Activity -
Look for the word "GROVE" in the entries and copy each line where it appears.

Data in this exercise -
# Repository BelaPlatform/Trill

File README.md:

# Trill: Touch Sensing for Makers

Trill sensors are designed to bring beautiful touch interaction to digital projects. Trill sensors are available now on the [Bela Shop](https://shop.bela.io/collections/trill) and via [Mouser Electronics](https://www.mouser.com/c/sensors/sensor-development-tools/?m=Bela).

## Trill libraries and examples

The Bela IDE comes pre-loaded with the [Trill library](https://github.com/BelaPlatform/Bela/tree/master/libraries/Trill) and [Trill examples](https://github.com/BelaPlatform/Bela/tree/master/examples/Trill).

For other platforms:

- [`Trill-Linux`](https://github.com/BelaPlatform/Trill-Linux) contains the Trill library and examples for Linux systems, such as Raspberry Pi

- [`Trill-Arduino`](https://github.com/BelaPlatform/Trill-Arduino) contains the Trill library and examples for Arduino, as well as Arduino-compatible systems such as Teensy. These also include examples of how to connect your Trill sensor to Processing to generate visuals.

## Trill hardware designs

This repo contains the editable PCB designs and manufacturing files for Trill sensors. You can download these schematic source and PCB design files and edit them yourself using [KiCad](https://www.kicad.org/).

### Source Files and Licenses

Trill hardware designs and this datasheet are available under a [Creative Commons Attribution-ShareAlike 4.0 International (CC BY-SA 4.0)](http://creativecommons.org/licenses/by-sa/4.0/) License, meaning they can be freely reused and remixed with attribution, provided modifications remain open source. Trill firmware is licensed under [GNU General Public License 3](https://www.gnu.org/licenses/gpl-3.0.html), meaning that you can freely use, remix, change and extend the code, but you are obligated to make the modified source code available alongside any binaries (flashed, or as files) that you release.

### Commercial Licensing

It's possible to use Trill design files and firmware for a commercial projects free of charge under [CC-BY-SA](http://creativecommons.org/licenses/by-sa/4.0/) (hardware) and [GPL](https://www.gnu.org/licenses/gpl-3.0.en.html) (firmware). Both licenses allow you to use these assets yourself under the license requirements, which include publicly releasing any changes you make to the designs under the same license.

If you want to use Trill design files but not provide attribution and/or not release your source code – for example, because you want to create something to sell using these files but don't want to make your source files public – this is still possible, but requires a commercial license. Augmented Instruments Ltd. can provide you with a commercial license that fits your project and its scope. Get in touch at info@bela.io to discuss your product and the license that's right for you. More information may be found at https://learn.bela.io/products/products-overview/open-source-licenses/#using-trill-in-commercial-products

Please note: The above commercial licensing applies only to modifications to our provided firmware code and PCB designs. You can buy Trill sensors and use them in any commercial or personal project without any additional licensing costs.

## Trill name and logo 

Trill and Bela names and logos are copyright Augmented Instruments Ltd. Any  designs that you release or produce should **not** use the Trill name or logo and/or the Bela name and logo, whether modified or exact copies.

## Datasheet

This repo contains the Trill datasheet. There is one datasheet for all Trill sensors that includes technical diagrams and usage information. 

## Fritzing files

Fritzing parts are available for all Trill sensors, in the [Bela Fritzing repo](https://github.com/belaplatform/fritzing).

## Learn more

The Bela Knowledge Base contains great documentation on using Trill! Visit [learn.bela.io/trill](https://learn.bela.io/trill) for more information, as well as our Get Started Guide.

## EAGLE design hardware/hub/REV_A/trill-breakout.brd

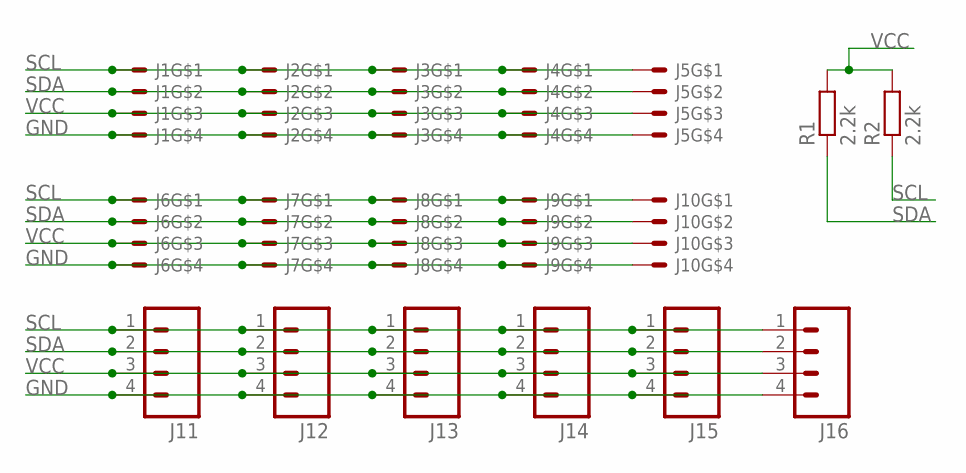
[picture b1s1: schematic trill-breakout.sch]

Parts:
J1, J2, J3, J4, J5, J6, J7, J8, J9, J10: GROVE-SMT; JST-PH-4-SMT
J11, J12, J13, J14, J15, J16: M04LONGPADS; 1X04_LONGPADS
R1, R2: 2.2k; R0603

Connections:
GND: J1.4, J2.4, J3.4, J4.4, J5.4, J6.4, J7.4, J8.4, J9.4, J10.4, J11.4, J12.4, J13.4, J14.4, J15.4, J16.4
SCL: J1.1, J2.1, J3.1, J4.1, J5.1, J6.1, J7.1, J8.1, J9.1, J10.1, J11.1, J12.1, J13.1, J14.1, J15.1, J16.1, R2.1
SDA: J1.2, J2.2, J3.2, J4.2, J5.2, J6.2, J7.2, J8.2, J9.2, J10.2, J11.2, J12.2, J13.2, J14.2, J15.2, J16.2, R1.1
VCC: J1.3, J2.3, J3.3, J4.3, J5.3, J6.3, J7.3, J8.3, J9.3, J10.3, J11.3, J12.3, J13.3, J14.3, J15.3, J16.3, R1.2, R2.2

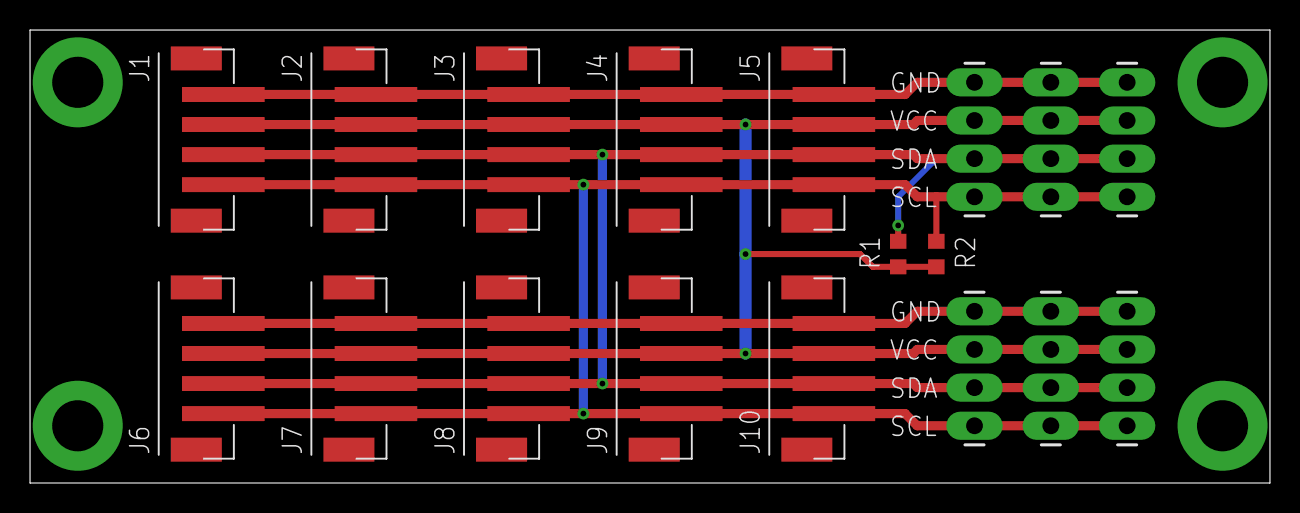
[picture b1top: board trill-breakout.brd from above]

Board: 2 copper layers, 82.5 x 30.1 mm, 18 parts (0 on the bottom side), 4 nets.

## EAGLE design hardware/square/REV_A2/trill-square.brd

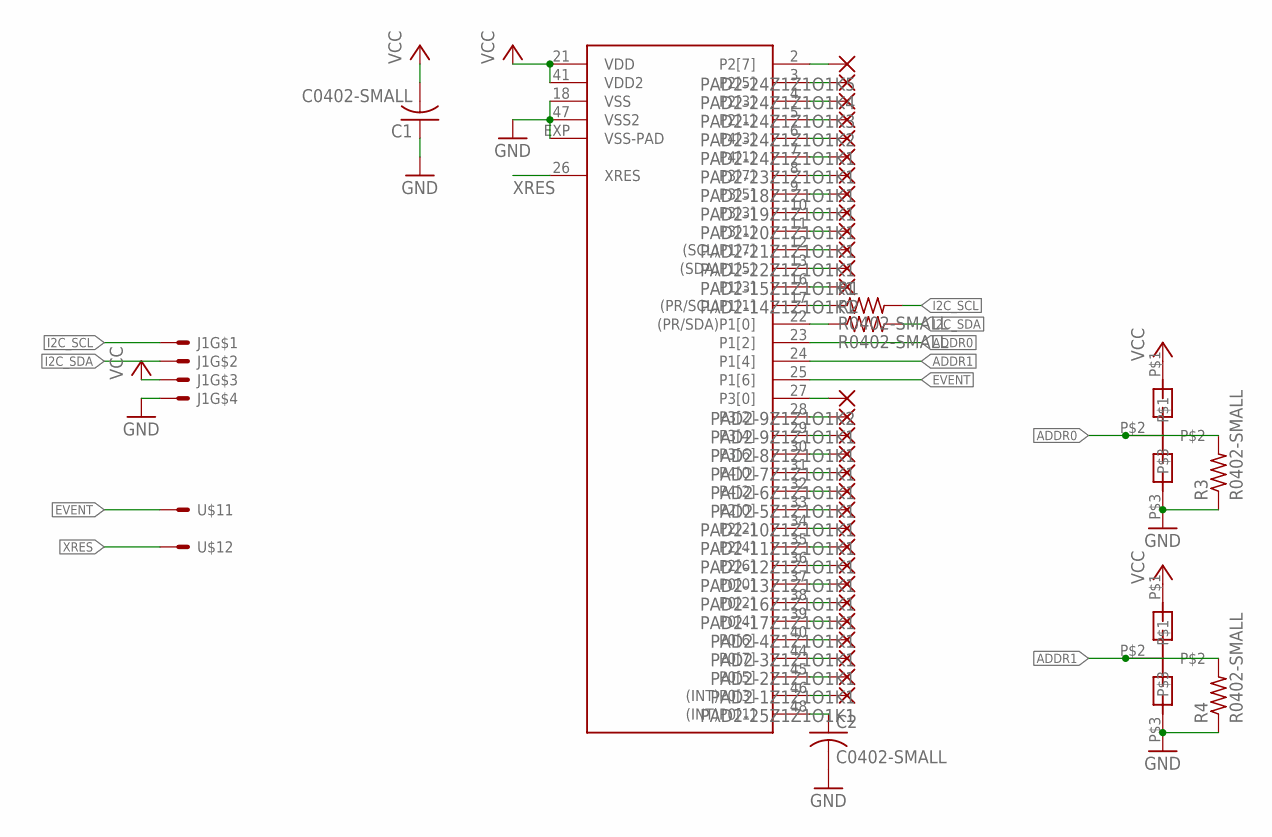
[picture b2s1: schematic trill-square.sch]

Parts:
C1, C2: C0402-SMALL
IC1: CY8C206X6A; QFN48-LEADS
J1: GROVE-SMT; JST-PH-4-SMT
PAD2-1Z1Z1O1K1, PAD2-2Z1Z1O1K1, PAD2-3Z1Z1O1K1, PAD2-4Z1Z1O1K1, PAD2-5Z1Z1O1K1, PAD2-6Z1Z1O1K1, PAD2-7Z1Z1O1K1, PAD2-8Z1Z1O1K1, PAD2-9Z1Z1O1K1, PAD2-9Z1Z1O1K2, PAD2-10Z1Z1O1K1, PAD2-11Z1Z1O1K1, PAD2-12Z1Z1O1K1, PAD2-13Z1Z1O1K1, PAD2-14Z1Z1O1K1, PAD2-15Z1Z1O1K1, PAD2-16Z1Z1O1K1, PAD2-17Z1Z1O1K1, PAD2-18Z1Z1O1K1, PAD2-19Z1Z1O1K1, PAD2-20Z1Z1O1K1, PAD2-21Z1Z1O1K1, PAD2-22Z1Z1O1K1, PAD2-23Z1Z1O1K1, PAD2-24Z1Z1O1K1, PAD2-24Z1Z1O1K2, PAD2-24Z1Z1O1K3, PAD2-24Z1Z1O1K4, PAD2-24Z1Z1O1K5, PAD2-25Z1Z1O1K1: SMD2; SMD1,27-2,54
R1, R2, R3, R4: R0402-SMALL; C0402-SMALL
U$7, U$8: SOLDER_JUMPER_3PAD
U$11, U$12: JST-SMT-EXTRAPAD

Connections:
ADDR0: IC1.23 (P1[2]), R3.P$2 (2), U$7.P$2
ADDR1: IC1.24 (P1[4]), R4.P$2 (2), U$8.P$2
COL1: IC1.27 (P3[0]), PAD2-9Z1Z1O1K2.1
COL2: IC1.28 (P3[2]), PAD2-9Z1Z1O1K1.1
COL3: IC1.29 (P3[4]), PAD2-8Z1Z1O1K1.1
COL4: IC1.30 (P3[6]), PAD2-7Z1Z1O1K1.1
COL5: IC1.31 (P4[0]), PAD2-6Z1Z1O1K1.1
COL6: IC1.32 (P4[2]), PAD2-5Z1Z1O1K1.1
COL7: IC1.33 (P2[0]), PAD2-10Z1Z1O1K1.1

Answer to this task -
J1, J2, J3, J4, J5, J6, J7, J8, J9, J10: GROVE-SMT; JST-PH-4-SMT
J1: GROVE-SMT; JST-PH-4-SMT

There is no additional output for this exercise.